Biopolym. Cell. 2009; 25(6):451-456.
Structure and Function of Biopolymers
MARs Wars: heterogeneity and clustering of DNA-binding domains in the nuclear matrix
1, 2Vassetzky Y. S., 3Ioudinkova E. S., 3Razin S. V.
  1. CNRS UMR 8126, Univ. Paris-Sud 11, Institut Gustave Roussy
    39, Camille-Desmoulins Str., 94805 Villejuif, France
  2. N. K. Koltzov Institute of Developmental Biology, Russian Academy of Sciences
    26, Vavilova Str., Moscow, Russian Federation, 119334
  3. Institute of Gene Biology, Russian Academy of Sciences
    34/5, Vavilova Str., Moscow, Russian Federation, 119334

Abstract

Aim.

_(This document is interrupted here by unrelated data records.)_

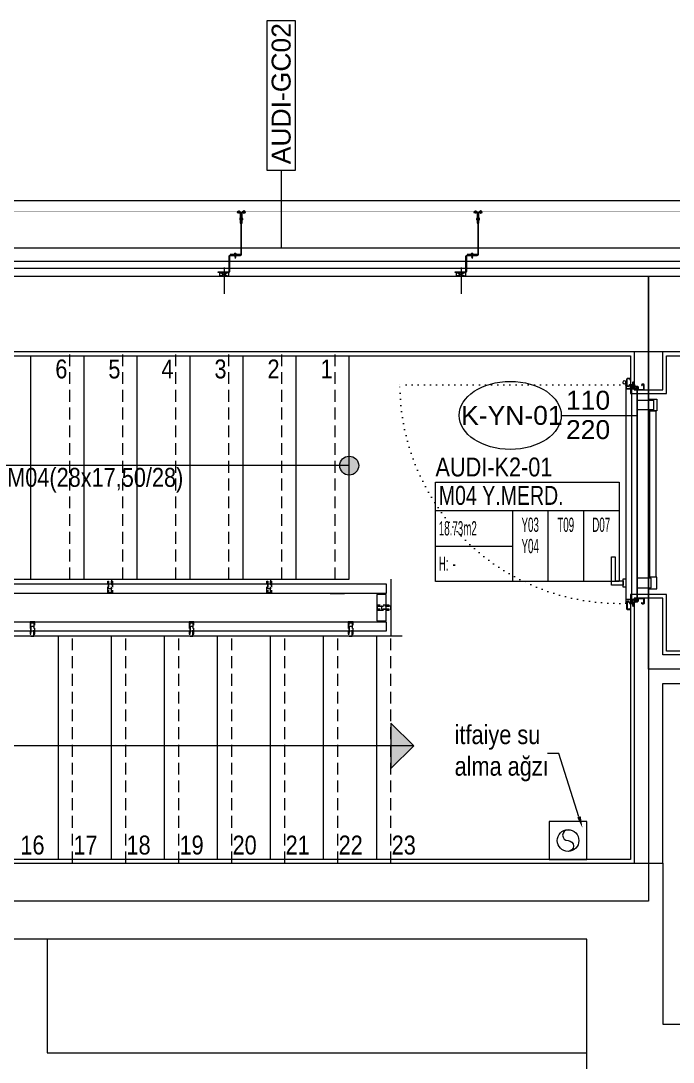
# Model space of a CAD drawing. Extents: x -2050 to 29725, y -1777 to 6820.
# Drawn here: x 13309 to 13653, y 2410 to 2960 of the extents above; entities that cross this region are included whole.
import ezdxf
from ezdxf import colors
from ezdxf.entities.mleader import LeaderData, LeaderLine
from ezdxf.enums import TextEntityAlignment as Align
from ezdxf.math import Vec2, Vec3

# ---------------------------------------------------------------- set-up
doc = ezdxf.new("R2010")
doc.units = 0
doc.header["$LTSCALE"] = 25
doc.header["$MEASUREMENT"] = 0
doc.linetypes.add('DOT2', pattern=[0.125, 0, -0.125])
doc.linetypes.add('HIDDEN', pattern=[0.375, 0.25, -0.125])
doc.layers.get('0').update_dxf_attribs({"color": 9, "lineweight": 9})
for name, color, linetype, lineweight in [('00', 9, 'Continuous', 9), ('01', 9, 'Continuous', 9), ('06B', 9, 'Continuous', 9), ('06C', 9, 'Continuous', 9), ('06D', 9, 'Continuous', 9), ('10', 9, 'Continuous', 9), ('14', 9, 'Continuous', 9), ('19', 9, 'Continuous', 9), ('19D', 9, 'DOT2', 9), ('20', 9, 'DOT2', 9), ('21', 9, 'Continuous', 9), ('22', 8, 'Continuous', 9), ('32', 9, 'Continuous', 9), ('33', 9, 'BATTING', 9), ('40B', 9, 'Continuous', 9)]:
    doc.layers.add(name, color=color, linetype=linetype, lineweight=lineweight)
doc.styles.add('Arial', font='arial.ttf', dxfattribs={"height": 2.5})
doc.styles.add('MuuM_TEXT-STANDART', font='ARIALN.TTF')
doc.linetypes.add('BATTING', pattern='A,0.0001,-0.1,[134,ltypeshp.shx,S=0.1,R=0,X=-0.1,Y=0],-0.2,[134,ltypeshp.shx,S=0.1,R=180,X=0.1,Y=0],-0.1', length=0.4001)

# ---------------------------------------------------------------- blocks, each defined once
blk = doc.blocks.new('0_doorno')
blk.add_lwpolyline([(4.5, 0), (12.5, 0)])
blk.add_ellipse((-0.89, 0), major_axis=(-5.39, 0), ratio=0.666667)
at = {"style": 'Arial'}
blk.add_attdef('YUKSEKLIK', text='', height=2, dxfattribs=at).set_placement((5, 12.3), align=Align.TOP_LEFT)
blk.add_attdef('KAPINO', text='', height=2, dxfattribs=at).set_placement((0, 0), align=Align.MIDDLE)
blk.add_attdef('GENISLIK', text='', height=2, dxfattribs=at).set_placement((5, -3.79), align=Align.BOTTOM_LEFT)
blk = doc.blocks.new('0_wallno')
blk.add_lwpolyline([(-7.84, 1.5), (7.94, 1.5), (7.94, -1.5), (-7.84, -1.5)], close=True)
blk.add_lwpolyline([(7.94, 0), (16.13, 0)])
at = {"style": 'Arial'}
blk.add_attdef('GENISLIK', text='', height=2, dxfattribs=at).set_placement((8.44, 0), align=Align.BOTTOM_LEFT)
blk.add_attdef('DUVARNO', text='', height=2, dxfattribs=at).set_placement((0, 0), align=Align.MIDDLE_CENTER)
blk.add_attdef('YUKSEKLIK', text='', height=2, dxfattribs=at).set_placement((8.44, -0.5), align=Align.TOP_LEFT)
blk = doc.blocks.new('KAPI KODLARI 2. KAT')
at = {"layer": '22'}
ref = blk.add_blockref('0_wallno', (13446.05, 2920.66), dxfattribs=dict(at, xscale=-5, yscale=5, zscale=5, rotation=90))
ref.add_attrib('DUVARNO', 'AUDI-GC02', dxfattribs={"layer": '0', "height": 10, "rotation": 90, "style": 'Arial'}).set_placement((13446.05, 2921.4), align=Align.MIDDLE_CENTER)
ref = blk.add_blockref('0_doorno', (13571.44, 2751.52), dxfattribs=dict(at, xscale=5, yscale=5, zscale=5))
ref.add_attrib('KAPINO', 'K-YN-01', dxfattribs={"layer": '0', "height": 10, "style": 'Arial'}).set_placement((13567.85, 2751.52), align=Align.MIDDLE)
ref.add_attrib('GENISLIK', '110', dxfattribs={"layer": '0', "height": 10, "style": 'Arial'}).set_placement((13596.44, 2751.52), align=Align.BOTTOM_LEFT)
ref.add_attrib('YUKSEKLIK', '220', dxfattribs={"layer": '0', "height": 10, "style": 'Arial'}).set_placement((13596.44, 2749.02), align=Align.TOP_LEFT)
blk = doc.blocks.new('0_roomno2-flat-2')
at = {"layer": '21'}
blk.add_lwpolyline([(96.88, -52.5), (0, -52.5), (0, 0), (96.88, 0)], close=True, dxfattribs=at)
for points in [[(0, -15), (96.88, -15)], [(40.62, -15), (40.62, -52.5)], [(59.38, -15), (59.38, -52.5)], [(78.12, -15), (78.12, -52.5)], [(0, -33.75), (40.62, -33.75)]]:
    blk.add_lwpolyline(points, dxfattribs=at)
at = {"layer": '21', "style": 'MuuM_TEXT-STANDART', "width": 0.6}
blk.add_text('H:', height=7.5, dxfattribs=at).set_placement((1.75, -43.04), align=Align.MIDDLE_LEFT)
at = {"layer": '21', "style": 'Arial'}
blk.add_attdef('ODANO', (0, 5.85), '', height=10, dxfattribs=at)
blk.add_attdef('MEKANADI', text='', height=10, dxfattribs=at).set_placement((1.75, -15), align=Align.BOTTOM_LEFT)
at = {"layer": '21', "style": 'MuuM_TEXT-STANDART', "width": 0.6}
for tag, p in [('M2', (1.75, -24.38)), ('TEMIZTAVANYUKSEKLIGI', (9, -43.04))]:
    blk.add_attdef(tag, text='', height=7.5, dxfattribs=at).set_placement(p, align=Align.MIDDLE_LEFT)
for tag, p in [('YER01', (50, -22.5)), ('TAVAN01', (68.75, -22.5)), ('DUVAR01', (87.5, -22.5)), ('YER02', (50, -33.75)), ('TAVAN02', (68.75, -33.75)), ('DUVAR02', (87.5, -33.75)), ('YER03', (50, -45)), ('TAVAN03', (68.75, -45)), ('DUVAR03', (87.5, -45))]:
    blk.add_attdef(tag, text='', height=7.5, dxfattribs=at).set_placement(p, align=Align.MIDDLE_CENTER)
blk = doc.blocks.new('p- alum kaplama profil')
at = {"lineweight": 13}
blk.add_lwpolyline([(7.12, 12.59), (7.12, 26.49)], dxfattribs=at)
at = {"lineweight": 5}
blk.add_lwpolyline([(9.44, 15.16), (4.79, 15.16), (4.79, 17.16), (9.44, 17.16)], close=True, dxfattribs=at)
for points in [[(4.79, 15.16), (9.44, 17.16)], [(9.44, 15.16), (4.79, 17.16)]]:
    blk.add_lwpolyline(points, dxfattribs=at)
at = {"lineweight": 18}
blk.add_lwpolyline([(4.09, 6.16), (-1.41, 6.16), (-1.41, 6.46), (4.09, 6.46, 0.414214), (4.29, 6.66), (4.29, 14.66, -0.414214), (4.79, 15.16), (10.29, 15.16), (10.29, 14.86), (4.79, 14.86, 0.414214), (4.59, 14.66), (4.59, 6.66, -0.414214)], format="xyb", close=True, dxfattribs=at)
blk.add_lwpolyline([(-2.06, 5.56), (-2.06, -2.34), (-2.06, -15.69), (-1.66, -15.69), (-1.66, -2.34), (-1.66, 5.56), (-1.66, 5.56), (-1.66, 5.57), (-1.66, 5.57), (-1.66, 5.58), (-1.66, 5.58), (-1.65, 5.59), (-1.65, 5.59), (-1.65, 5.59), (-1.65, 5.6), (-1.65, 5.6), (-1.64, 5.61), (-1.64, 5.61), (-1.64, 5.62), (-1.64, 5.62), (-1.63, 5.62), (-1.63, 5.63), (-1.63, 5.63), (-1.62, 5.63), (-1.62, 5.64), (-1.61, 5.64), (-1.61, 5.64), (-1.61, 5.64), (-1.6, 5.65), (-1.6, 5.65), (-1.59, 5.65), (-1.59, 5.65), (-1.58, 5.65), (-1.58, 5.65), (-1.57, 5.66), (-1.57, 5.66), (-1.56, 5.66), (-1.56, 5.66), (3.94, 5.66), (3.94, 6.06), (-1.56, 6.06), (-1.58, 6.06), (-1.61, 6.05), (-1.63, 6.05), (-1.66, 6.05), (-1.68, 6.04), (-1.7, 6.03), (-1.73, 6.03), (-1.75, 6.02), (-1.77, 6.01), (-1.79, 6), (-1.82, 5.99), (-1.84, 5.97), (-1.86, 5.96), (-1.88, 5.94), (-1.89, 5.93), (-1.91, 5.91), (-1.93, 5.89), (-1.95, 5.87), (-1.96, 5.85), (-1.97, 5.83), (-1.99, 5.81), (-2, 5.79), (-2.01, 5.77), (-2.02, 5.75), (-2.03, 5.72), (-2.04, 5.7), (-2.04, 5.68), (-2.05, 5.65), (-2.05, 5.63), (-2.06, 5.61), (-2.06, 5.58)], close=True)
blk.add_lwpolyline([(-1.66, -2.34), (-2.06, -2.34)])
for points in [[(-2.36, -10.84), (-2.36, -16.39), (-2.36, -16.39, -0.414214), (-2.51, -16.54), (-2.51, -16.54), (-4.06, -16.54), (-4.06, -16.84), (-2.51, -16.84), (-2.51, -16.84, 0.414214), (-2.06, -16.39), (-2.06, -10.84)], [(-1.36, -10.84), (-1.66, -10.84), (-1.66, -16.39, 0.414214), (-1.21, -16.84), (-1.21, -16.84), (0.34, -16.84), (0.34, -16.54), (-1.21, -16.54), (-1.21, -16.54, -0.414214), (-1.36, -16.39), (-1.36, -16.39)]]:
    blk.add_lwpolyline(points, format="xyb", close=True)
for points in [[(0.67, 5.66, -10), (1.91, 5.66, -10)], [(0.67, 5.66, -10), (0.67, 5.64, -10), (0.67, 5.62, -10), (0.67, 5.6, -10), (0.68, 5.58, -10), (0.68, 5.56, -10), (0.69, 5.54, -10), (0.69, 5.52, -10), (0.7, 5.5, -10), (0.7, 5.48, -10), (0.71, 5.46, -10), (0.72, 5.45, -10), (0.73, 5.43, -10), (0.74, 5.41, -10), (0.75, 5.4, -10), (0.76, 5.38, -10), (0.77, 5.36, -10), (0.79, 5.35, -10), (0.8, 5.33, -10), (0.81, 5.32, -10), (0.83, 5.31, -10), (0.84, 5.29, -10), (0.86, 5.28, -10), (0.87, 5.27, -10), (0.89, 5.26, -10), (0.91, 5.25, -10), (0.92, 5.24, -10), (0.94, 5.23, -10), (0.96, 5.22, -10), (0.98, 5.21, -10), (1, 5.21, -10), (1.02, 5.2, -10), (1.03, 5.2, -10)], [(0.96, 5.66, -10), (0.97, 5.66, -10), (0.97, 5.66, -10), (0.97, 5.66, -10), (0.98, 5.66, -10), (0.98, 5.66, -10), (0.99, 5.66, -10), (0.99, 5.66, -10), (1, 5.66, -10), (1, 5.67, -10), (1, 5.67, -10), (1.01, 5.67, -10), (1.01, 5.67, -10), (1.01, 5.67, -10), (1.02, 5.68, -10), (1.02, 5.68, -10), (1.02, 5.68, -10), (1.03, 5.69, -10), (1.03, 5.69, -10), (1.03, 5.69, -10), (1.04, 5.7, -10), (1.04, 5.7, -10), (1.04, 5.7, -10), (1.04, 5.71, -10), (1.04, 5.71, -10), (1.05, 5.72, -10), (1.05, 5.72, -10), (1.05, 5.72, -10), (1.05, 5.73, -10), (1.05, 5.73, -10), (1.05, 5.74, -10), (1.05, 5.74, -10), (1.05, 5.75, -10)], [(1.61, 6.87, -10), (0.98, 6.96, -10)], [(1.33, 5.85, -10), (0.98, 5.88, -10)], [(1.56, 7.05, -10), (1.02, 7.13, -10)], [(1.05, 6.91, -10), (1.29, 7.56, -10)], [(1.05, 5.83, -10), (1.05, 6.01, -10)], [(1.05, 5.75, -10), (1.05, 5.83, -10)], [(1.29, 4.93, -10), (1.29, 7.8, -10)], [(1.53, 6.82, -10), (1.29, 7.56, -10)], [(1.29, 6.16, -10), (1.29, 6.26, -10)], [(1.53, 5.75, -10), (1.53, 5.92, -10)], [(1.53, 5.75, -10), (1.53, 5.74, -10), (1.53, 5.74, -10), (1.53, 5.73, -10), (1.53, 5.73, -10), (1.53, 5.72, -10), (1.54, 5.72, -10), (1.54, 5.72, -10), (1.54, 5.71, -10), (1.54, 5.71, -10), (1.54, 5.7, -10), (1.54, 5.7, -10), (1.55, 5.7, -10), (1.55, 5.69, -10), (1.55, 5.69, -10), (1.55, 5.69, -10), (1.56, 5.68, -10), (1.56, 5.68, -10), (1.56, 5.68, -10), (1.57, 5.67, -10), (1.57, 5.67, -10), (1.58, 5.67, -10), (1.58, 5.67, -10), (1.58, 5.67, -10), (1.59, 5.66, -10), (1.59, 5.66, -10), (1.6, 5.66, -10), (1.6, 5.66, -10), (1.6, 5.66, -10), (1.61, 5.66, -10), (1.61, 5.66, -10), (1.62, 5.66, -10), (1.62, 5.66, -10)], [(1.55, 5.2, -10), (1.57, 5.2, -10), (1.59, 5.21, -10), (1.6, 5.21, -10), (1.62, 5.22, -10), (1.64, 5.23, -10), (1.66, 5.24, -10), (1.68, 5.25, -10), (1.69, 5.26, -10), (1.71, 5.27, -10), (1.73, 5.28, -10), (1.74, 5.29, -10), (1.76, 5.31, -10), (1.77, 5.32, -10), (1.78, 5.33, -10), (1.8, 5.35, -10), (1.81, 5.36, -10), (1.82, 5.38, -10), (1.83, 5.4, -10), (1.84, 5.41, -10), (1.85, 5.43, -10), (1.86, 5.45, -10), (1.87, 5.46, -10), (1.88, 5.48, -10), (1.89, 5.5, -10), (1.89, 5.52, -10), (1.9, 5.54, -10), (1.9, 5.56, -10), (1.9, 5.58, -10), (1.91, 5.6, -10), (1.91, 5.62, -10), (1.91, 5.64, -10), (1.91, 5.66, -10)], [(1.03, 5.2, -10), (1.04, 5.2, -10), (1.05, 5.19, -10), (1.05, 5.19, -10), (1.06, 5.19, -10), (1.06, 5.19, -10), (1.07, 5.19, -10), (1.07, 5.19, -10), (1.08, 5.19, -10), (1.08, 5.19, -10), (1.09, 5.19, -10), (1.09, 5.18, -10), (1.1, 5.18, -10), (1.1, 5.18, -10), (1.11, 5.18, -10), (1.11, 5.18, -10), (1.12, 5.18, -10), (1.12, 5.18, -10), (1.13, 5.18, -10), (1.13, 5.18, -10), (1.14, 5.18, -10), (1.15, 5.18, -10), (1.15, 5.18, -10), (1.16, 5.17, -10), (1.16, 5.17, -10), (1.17, 5.17, -10), (1.17, 5.17, -10), (1.18, 5.17, -10), (1.18, 5.17, -10), (1.19, 5.17, -10), (1.19, 5.17, -10), (1.2, 5.17, -10), (1.2, 5.17, -10)], [(1.2, 5.17, -10), (1.2, 5.2, -10)], [(1.38, 5.2, -10), (1.2, 5.2, -10)], [(1.38, 5.17, -10), (1.38, 5.2, -10)], [(1.38, 5.17, -10), (1.38, 5.17, -10), (1.39, 5.17, -10), (1.39, 5.17, -10), (1.4, 5.17, -10), (1.41, 5.17, -10), (1.41, 5.17, -10), (1.42, 5.17, -10), (1.42, 5.17, -10), (1.43, 5.17, -10), (1.43, 5.18, -10), (1.44, 5.18, -10), (1.44, 5.18, -10), (1.45, 5.18, -10), (1.45, 5.18, -10), (1.46, 5.18, -10), (1.46, 5.18, -10), (1.47, 5.18, -10), (1.47, 5.18, -10), (1.48, 5.18, -10), (1.48, 5.18, -10), (1.49, 5.18, -10), (1.5, 5.19, -10), (1.5, 5.19, -10), (1.51, 5.19, -10), (1.51, 5.19, -10), (1.52, 5.19, -10), (1.52, 5.19, -10), (1.53, 5.19, -10), (1.53, 5.19, -10), (1.54, 5.19, -10), (1.54, 5.2, -10), (1.55, 5.2, -10)], [(-2.85, -16.54, 0), (-2.86, -16.51, 0), (-2.87, -16.47, 0), (-2.89, -16.44, 0), (-2.91, -16.41, 0), (-2.93, -16.38, 0), (-2.96, -16.35, 0), (-2.98, -16.33, 0), (-3.01, -16.31, 0), (-3.04, -16.29, 0), (-3.07, -16.27, 0), (-3.11, -16.25, 0), (-3.14, -16.24, 0), (-3.18, -16.23, 0), (-3.21, -16.22, 0), (-3.25, -16.22, 0), (-3.29, -16.22, 0), (-3.32, -16.22, 0), (-3.36, -16.22, 0), (-3.39, -16.23, 0), (-3.43, -16.24, 0), (-3.46, -16.25, 0), (-3.5, -16.27, 0), (-3.53, -16.29, 0), (-3.56, -16.31, 0), (-3.59, -16.33, 0), (-3.61, -16.35, 0), (-3.64, -16.38, 0), (-3.66, -16.41, 0), (-3.68, -16.44, 0), (-3.7, -16.47, 0), (-3.71, -16.51, 0), (-3.73, -16.54, 0)], [(-3.29, -17.54, 0), (-3.29, -16.04, 0)], [(-2.86, -13.04, 0), (-0.86, -13.04, 0)], [(-2.36, -12.52, 0), (-2.4, -12.53, 0), (-2.43, -12.56, 0), (-2.47, -12.58, 0), (-2.5, -12.6, 0), (-2.53, -12.63, 0), (-2.56, -12.66, 0), (-2.59, -12.69, 0), (-2.61, -12.73, 0), (-2.63, -12.76, 0), (-2.65, -12.8, 0), (-2.67, -12.84, 0), (-2.68, -12.88, 0), (-2.69, -12.92, 0), (-2.7, -12.96, 0), (-2.71, -13, 0), (-2.71, -13.04, 0), (-2.71, -13.08, 0), (-2.7, -13.13, 0), (-2.69, -13.17, 0), (-2.68, -13.21, 0), (-2.67, -13.25, 0), (-2.65, -13.28, 0), (-2.63, -13.32, 0), (-2.61, -13.36, 0), (-2.59, -13.39, 0), (-2.56, -13.42, 0), (-2.53, -13.45, 0), (-2.5, -13.48, 0), (-2.47, -13.51, 0), (-2.43, -13.53, 0), (-2.4, -13.55, 0), (-2.36, -13.57, 0)], [(-2.36, -13.04, 0), (-2.36, -12.52, 0)], [(-2.36, -13.04, 0), (-2.36, -12.73, 0)], [(-2.36, -12.73, 0), (-2.36, -13.04, 0)], [(-1.36, -12.73, 0), (-2.36, -12.73, 0)], [(-2.36, -13.04, 0), (-2.36, -13.36, 0)], [(-2.36, -13.04, 0), (-2.36, -13.57, 0)], [(-2.36, -13.36, 0), (-2.36, -13.04, 0)], [(-1.36, -13.36, 0), (-2.36, -13.36, 0)], [(-1.36, -13.04, 0), (-1.36, -12.37, 0)], [(-1.36, -13.72, 0), (-1.32, -13.68, 0), (-1.29, -13.65, 0), (-1.26, -13.61, 0), (-1.23, -13.58, 0), (-1.2, -13.54, 0), (-1.18, -13.5, 0), (-1.16, -13.45, 0), (-1.14, -13.41, 0), (-1.12, -13.37, 0), (-1.1, -13.32, 0), (-1.09, -13.28, 0), (-1.08, -13.23, 0), (-1.07, -13.18, 0), (-1.06, -13.14, 0), (-1.06, -13.09, 0), (-1.06, -13.04, 0), (-1.06, -12.99, 0), (-1.06, -12.95, 0), (-1.07, -12.9, 0), (-1.08, -12.85, 0), (-1.09, -12.81, 0), (-1.1, -12.76, 0), (-1.12, -12.72, 0), (-1.14, -12.67, 0), (-1.16, -12.63, 0), (-1.18, -12.59, 0), (-1.2, -12.55, 0), (-1.23, -12.51, 0), (-1.26, -12.47, 0), (-1.29, -12.43, 0), (-1.32, -12.4, 0), (-1.36, -12.37, 0)], [(-1.36, -13.04, 0), (-1.36, -13.72, 0)], [(-1, -16.54, 0), (-0.98, -16.51, 0), (-0.97, -16.47, 0), (-0.95, -16.44, 0), (-0.93, -16.41, 0), (-0.91, -16.38, 0), (-0.88, -16.35, 0), (-0.86, -16.33, 0), (-0.83, -16.31, 0), (-0.8, -16.29, 0), (-0.77, -16.27, 0), (-0.73, -16.25, 0), (-0.7, -16.24, 0), (-0.66, -16.23, 0), (-0.63, -16.22, 0), (-0.59, -16.22, 0), (-0.56, -16.22, 0), (-0.52, -16.22, 0), (-0.48, -16.22, 0), (-0.45, -16.23, 0), (-0.41, -16.24, 0), (-0.38, -16.25, 0), (-0.34, -16.27, 0), (-0.31, -16.29, 0), (-0.28, -16.31, 0), (-0.25, -16.33, 0), (-0.23, -16.35, 0), (-0.2, -16.38, 0), (-0.18, -16.41, 0), (-0.16, -16.44, 0), (-0.14, -16.47, 0), (-0.13, -16.51, 0), (-0.12, -16.54, 0)], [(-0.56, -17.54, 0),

CO326 is a chicken nuclear scaffold/matrix attachment region (MAR) associated with the nuclear matrix in several types of chicken cells. It contains a binding site for a sequence-specific DNA-binding protein, F326. We have studied its interaction with the nuclear matrix. Methods. We have used an in vitro MAR assay with isolated matrices from chicken HD3 cells. Results. We have found that an oligonucleotide binding site for the F326 inhibits binding of the CO326 to the nuclear matrix. At the same time, the binding of heterologous MARs is enhanced. Conclusions. Taken together, these data suggest that there exist several classes of MARs and MAR-binding domains and that the MAR-binding proteins may be clustered in the nuclear matrix.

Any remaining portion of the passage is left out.